- **Work instructions**:
Within the records below, reproduce without change the lines from the line that has "blk.add_blockref('_ARCHTICK', (-15117.6, 5194.1), dxfattribs=at)" through the line that has "for centre, radius, start, end", and only those.

- **Recorded information**:

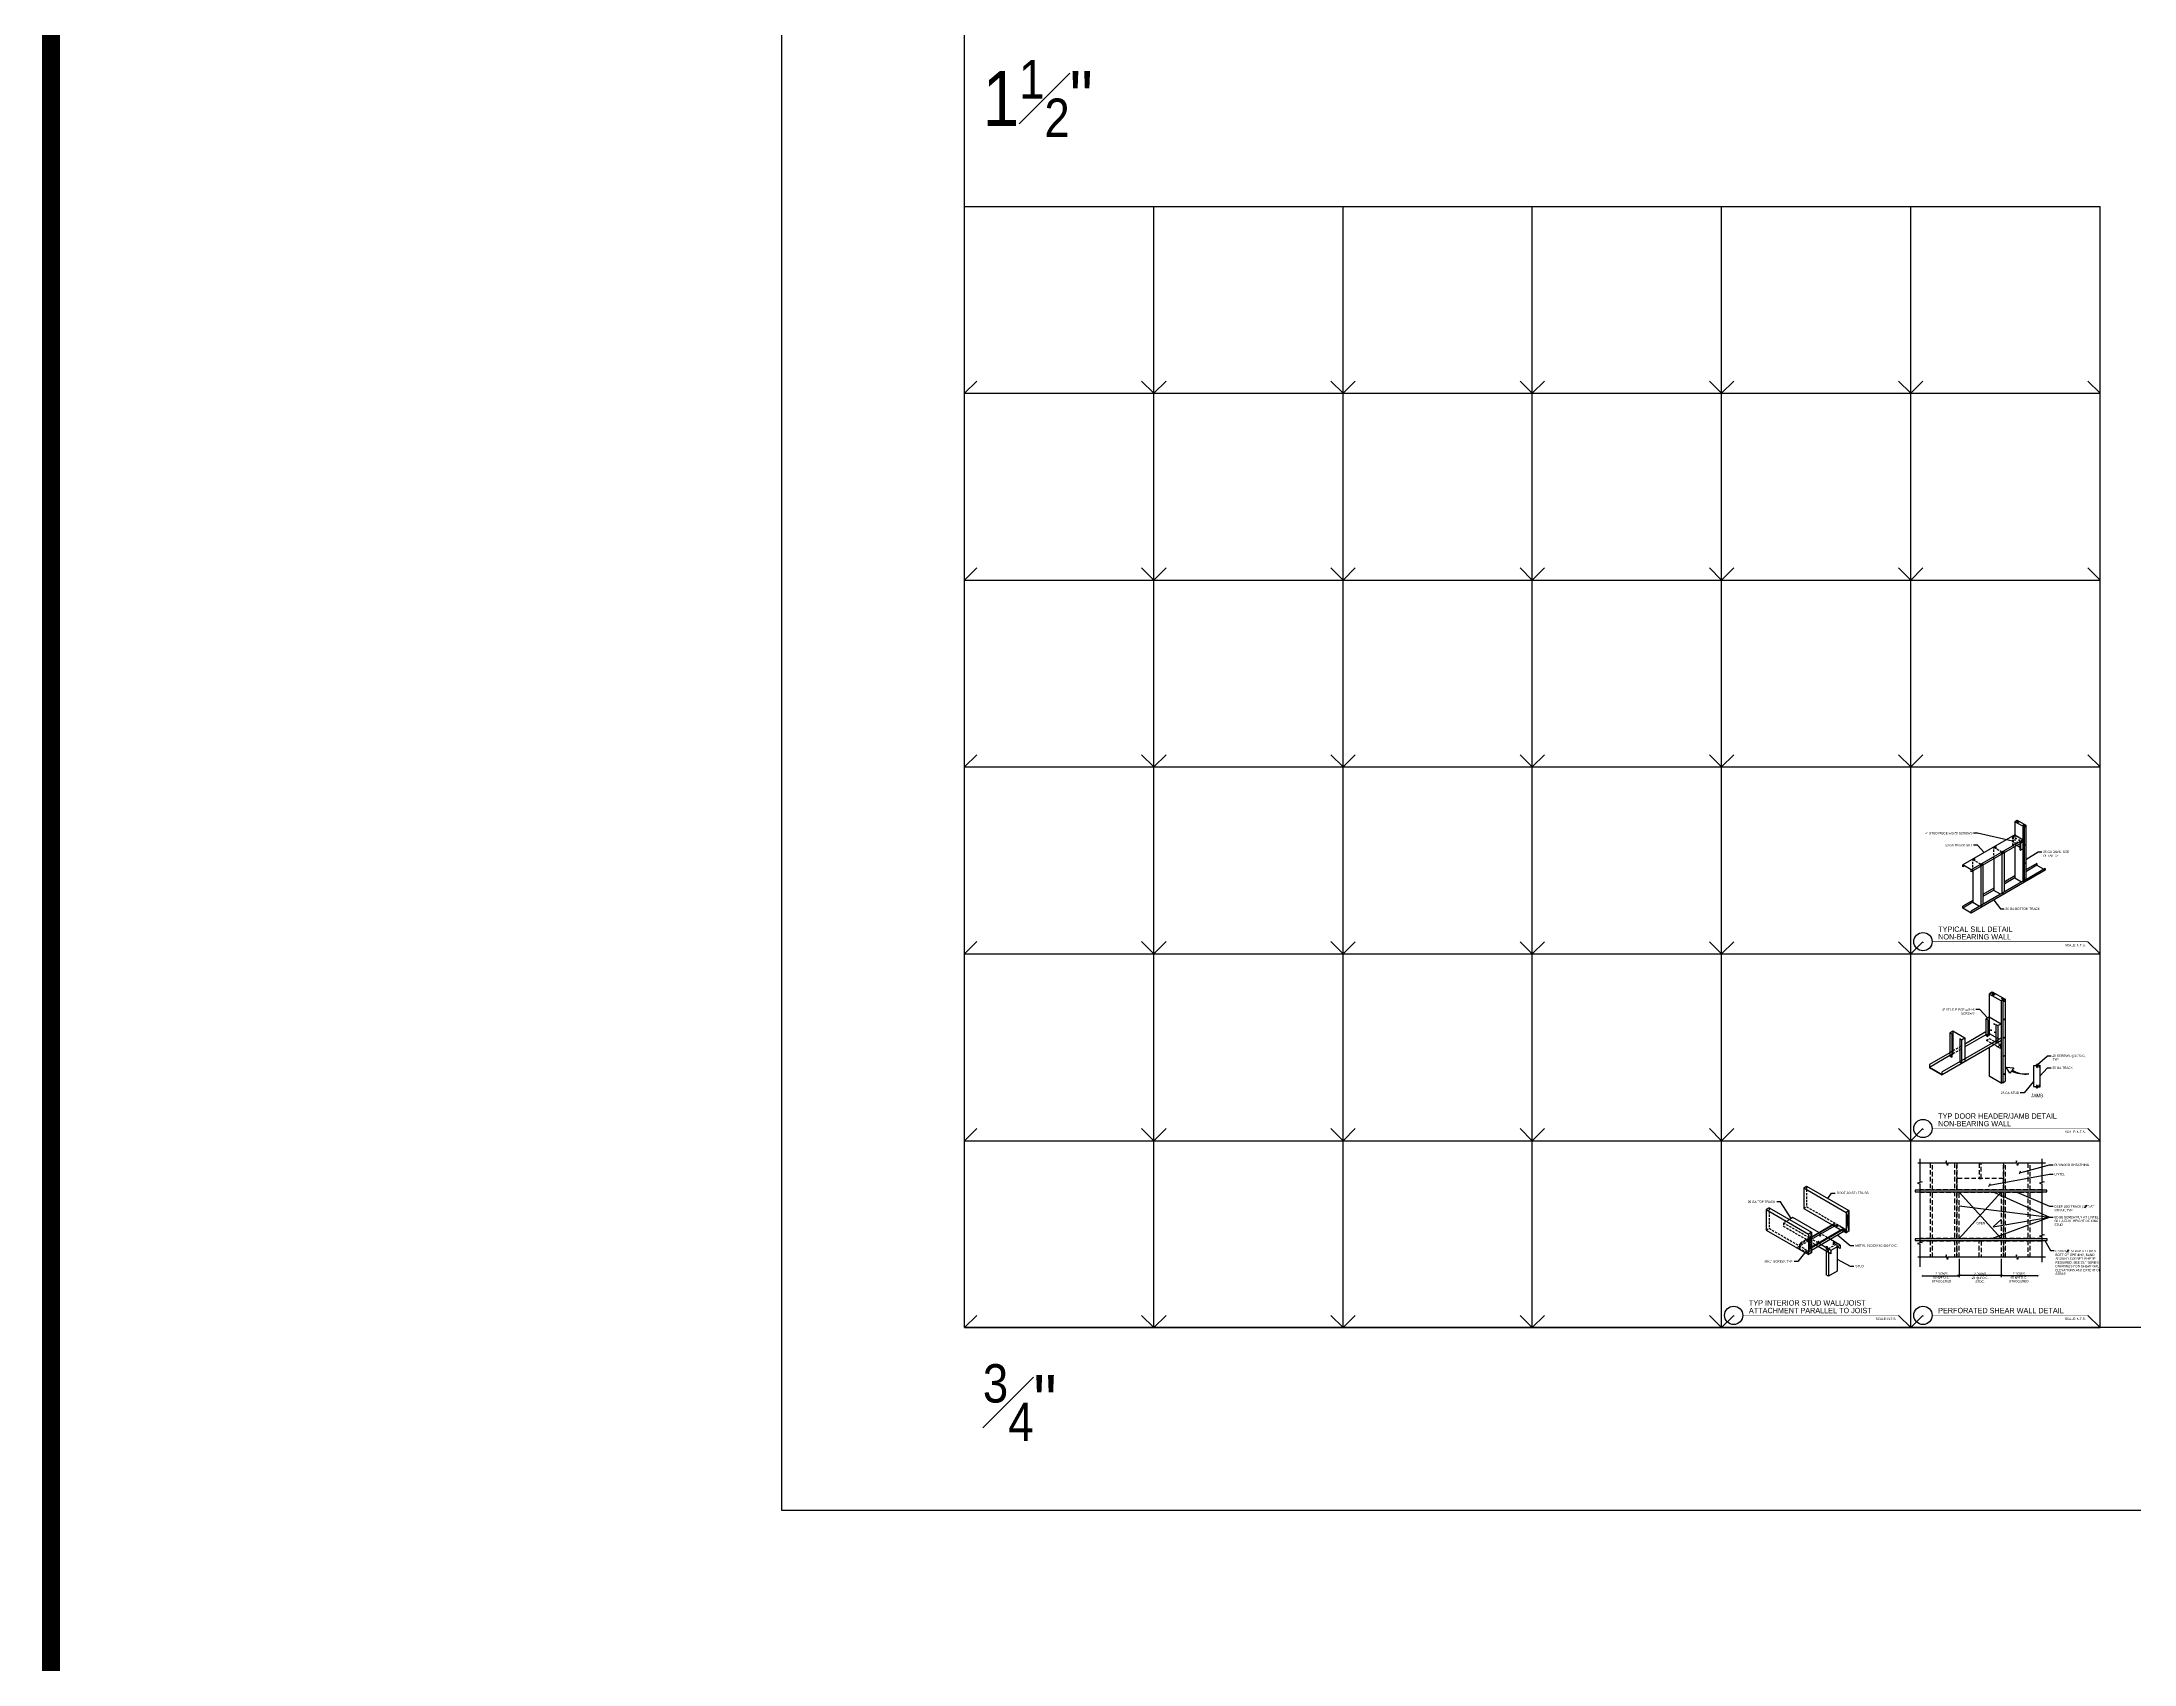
# Model space of a CAD drawing. Header units: inches. Extents: x -16404 to 14624, y -1591 to 16152.
# Drawn here: x -16404 to -15030, y 4939 to 6004 of the extents above; entities that cross this region are included whole.
import ezdxf
from ezdxf.enums import TextEntityAlignment as Align

# ---------------------------------------------------------------- set-up
doc = ezdxf.new("R2010")
doc.units = ezdxf.units.IN
doc.header["$LTSCALE"] = 24
doc.header["$MEASUREMENT"] = 0
for name, pattern in [('DASHED2', [0.375, 0.25, -0.125]), ('HIDDEN', [0.375, 0.25, -0.125]), ('HIDDEN2', [0.1875, 0.125, -0.0625]), ('HIDDEN4', [0.09375, 0.0625, -0.03125])]:
    doc.linetypes.add(name, pattern=pattern)
doc.layers.get('0').update_dxf_attribs({"linetype": 'CONTINUOUS'})
doc.layers.get('DefPoints').update_dxf_attribs({"color": 251, "linetype": 'CONTINUOUS'})
for name, color, linetype in [('S-ANNO-DIMS', 2, 'CONTINUOUS'), ('S-ANNO-NOTE', 4, 'CONTINUOUS'), ('S-BREAK', 2, 'CONTINUOUS'), ('S-NAIL', 2, 'CONTINUOUS'), ('S-SIMPSON', 2, 'CONTINUOUS'), ('S-STEEL', 4, 'CONTINUOUS'), ('S-WOOD', 3, 'CONTINUOUS')]:
    doc.layers.add(name, color=color, linetype=linetype)
doc.layers.add('S-ANNO-GRID-NONPLOT', color=251, linetype='CONTINUOUS', plot=False)
doc.layers.add('S-ANNO-NONPLOT', color=253, linetype='CONTINUOUS', plot=False)
doc.styles.add('Arial', font='arial.ttf', dxfattribs={"width": 0.85})
doc.dimstyles.new('DIM-12$7', dxfattribs={"dimscale": 12, "dimtxt": 0.09375, "dimasz": 0.125, "dimexe": 0.0625, "dimexo": 0.0625, "dimgap": 0.0625, "dimtad": 1, "dimdec": 4, "dimzin": 11, "dimdsep": 46, "dimlunit": 4, "dimtxsty": 'Arial', "dimblk": 'ARCHTICK', "dimcen": 0.125, "dimclrd": 256, "dimclre": 256, "dimclrt": 4, "dimadec": 0, "dimazin": 0, "dimtfac": 0.75, "dimtdec": 4, "dimtofl": 0, "dimtmove": 0, "dimatfit": 3, "dimldrblk": 'ARCHTICK', "dimfxl": 1, "dimfrac": 1, "dimtolj": 1, "dimtzin": 11, "dimarcsym": 0})
doc.dimstyles.new('DIM-16$7', dxfattribs={"dimscale": 16, "dimtxt": 0.008459, "dimasz": 0.109375, "dimexe": 0.0625, "dimexo": 0.0625, "dimgap": 0.0625, "dimtad": 1, "dimdec": 4, "dimzin": 11, "dimdsep": 46, "dimlunit": 4, "dimtxsty": 'Arial', "dimblk": 'ARCHTICK', "dimcen": 0.125, "dimclrd": 256, "dimclre": 256, "dimclrt": 4, "dimadec": 0, "dimazin": 0, "dimtfac": 0.75, "dimtdec": 4, "dimtofl": 0, "dimtmove": 0, "dimatfit": 3, "dimfxl": 1, "dimfrac": 1, "dimtolj": 1, "dimtzin": 11, "dimarcsym": 0})
doc.dimstyles.new('DIM-16_Se', dxfattribs={"dimscale": 16, "dimtxt": 0.09375, "dimasz": 0.109375, "dimexe": 0.0625, "dimexo": 0.0625, "dimgap": 0.0625, "dimtad": 1, "dimdec": 4, "dimzin": 11, "dimdsep": 46, "dimlunit": 4, "dimtxsty": 'Arial', "dimblk": 'ARCHTICK', "dimcen": 0.125, "dimdle": 0.0625, "dimclrd": 256, "dimclre": 256, "dimclrt": 4, "dimadec": 0, "dimazin": 0, "dimtfac": 0.75, "dimtdec": 4, "dimtmove": 0, "dimatfit": 3, "dimfxl": 1, "dimfrac": 1, "dimtolj": 1, "dimtzin": 0, "dimarcsym": 0})

# ---------------------------------------------------------------- blocks, each defined once
blk = doc.blocks.new('_ARCHTICK')
at = {"color": 0, "linetype": 'ByBlock', "const_width": 0.15}
blk.add_lwpolyline([(-0.5, -0.5), (0.5, 0.5)], dxfattribs=at)
blk = doc.blocks.new('*D2163')
at = {"layer": 'DefPoints', "color": 0, "transparency": 16777216}
for p in [(-15145.1, 5206.2), (-15117.6, 5206.2), (-15145.1, 5194.1)]:
    blk.add_point(p, dxfattribs=at)
at = {"layer": 'S-ANNO-DIMS', "lineweight": -2, "transparency": 16777216}
for p, q in [((-15145.1, 5205.2), (-15145.1, 5193.1)), ((-15117.6, 5205.2), (-15117.6, 5193.1)), ((-15116.6, 5194.1), (-15146.1, 5194.1))]:
    blk.add_line(p, q, dxfattribs=at)
at = {"layer": 'S-ANNO-DIMS', "lineweight": -2, "transparency": 16777216, "xscale": 1.75, "yscale": 1.75, "zscale": 1.75, "rotation": 180}
blk.add_blockref('_ARCHTICK', (-15145.1, 5194.1), dxfattribs=at)
at = {"layer": 'S-ANNO-DIMS', "lineweight": -2, "transparency": 16777216, "xscale": 1.75, "yscale": 1.75, "zscale": 1.75}
blk.add_blockref('_ARCHTICK', (-15117.6, 5194.1), dxfattribs=at)
blk = doc.blocks.new('no8x3-4 Sht Mtl Screw')
at = {"color": 2}
for p, q in [((-0.28, 0.22), (-0.28, 0.06)), ((0.2, 0.3), (-0.2, 0.3)), ((-0.12, 0.06), (-0.12, 0.22)), ((-0.09, -0.75), (-0.09, 0)), ((0.09, 0), (0.09, -1.06)), ((0.12, 0.22), (0.12, 0.06)), ((0.28, 0.06), (0.28, 0.22)), ((0.13, -0.35), (-0.13, -0.21)), ((0.13, -0.47), (-0.13, -0.33)), ((0.13, -0.58), (-0.13, -0.45)), ((0.13, -0.71), (-0.13, -0.57)), ((0.13, -0.83), (-0.13, -0.69)), ((0.13, -0.23), (-0.12, -0.1)), ((0, -1.01), (-0.08, -0.84)), ((0.09, -1.06), (0.07, -1.06))]:
    blk.add_line(p, q, dxfattribs=at)
blk.add_lwpolyline([(0.41, 0.06), (0.41, 0), (-0.41, 0), (-0.41, 0.06)], close=True, dxfattribs=at)
for centre, radius, start, end in [((-0.2, 0.22), 0.0799, 90, 180), ((-0.21, 0.15), 0.114, 37.84757, 125.92075), ((0, 0.06), 0.2, 53.1301, 126.8699), ((0.21, 0.15), 0.114, 54.07925, 142.15243), ((0.2, 0.22), 0.0799, 0, 90), ((0.08, -0.76), 0.176, 174.79738, 205.03208), ((0.08, -0.97), 0.0903, 205.79384, 275.82256)]:
    blk.add_arc(centre, radius, start, end, dxfattribs=at)
blk = doc.blocks.new('Se_24x36_DETAILS_GRID')
for p, q in [((0, 23), (7.767, 23)), ((0, 15.333), (0, 23)), ((7.767, 23), (15.535, 23)), ((7.767, 15.333), (7.767, 23)), ((15.535, 23), (23.302, 23)), ((15.535, 15.333), (15.535, 23)), ((23.302, 23), (31.07, 23)), ((23.302, 15.333), (23.302, 23)), ((31.07, 15.333), (31.07, 23)), ((0, 15.333), (0.5, 15.833)), ((7.767, 15.333), (8.267, 15.833)), ((15.535, 15.333), (16.035, 15.833)), ((23.302, 15.333), (23.802, 15.833)), ((0, 15.333), (7.767, 15.333)), ((0, 7.667), (0, 15.333)), ((7.767, 15.333), (15.535, 15.333)), ((7.767, 7.667), (7.767, 15.333)), ((15.535, 15.333), (23.302, 15.333)), ((15.535, 7.667), (15.535, 15.333)), ((23.302, 15.333), (31.07, 15.333)), ((23.302, 7.667), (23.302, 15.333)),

- **Output of the task**:
blk.add_blockref('_ARCHTICK', (-15117.6, 5194.1), dxfattribs=at)
blk = doc.blocks.new('no8x3-4 Sht Mtl Screw')
at = {"color": 2}
for p, q in [((-0.28, 0.22), (-0.28, 0.06)), ((0.2, 0.3), (-0.2, 0.3)), ((-0.12, 0.06), (-0.12, 0.22)), ((-0.09, -0.75), (-0.09, 0)), ((0.09, 0), (0.09, -1.06)), ((0.12, 0.22), (0.12, 0.06)), ((0.28, 0.06), (0.28, 0.22)), ((0.13, -0.35), (-0.13, -0.21)), ((0.13, -0.47), (-0.13, -0.33)), ((0.13, -0.58), (-0.13, -0.45)), ((0.13, -0.71), (-0.13, -0.57)), ((0.13, -0.83), (-0.13, -0.69)), ((0.13, -0.23), (-0.12, -0.1)), ((0, -1.01), (-0.08, -0.84)), ((0.09, -1.06), (0.07, -1.06))]:
    blk.add_line(p, q, dxfattribs=at)
blk.add_lwpolyline([(0.41, 0.06), (0.41, 0), (-0.41, 0), (-0.41, 0.06)], close=True, dxfattribs=at)
for centre, radius, start, end in [((-0.2, 0.22), 0.0799, 90, 180), ((-0.21, 0.15), 0.114, 37.84757, 125.92075), ((0, 0.06), 0.2, 53.1301, 126.8699), ((0.21, 0.15), 0.114, 54.07925, 142.15243), ((0.2, 0.22), 0.0799, 0, 90), ((0.08, -0.76), 0.176, 174.79738, 205.03208), ((0.08, -0.97), 0.0903, 205.79384, 275.82256)]:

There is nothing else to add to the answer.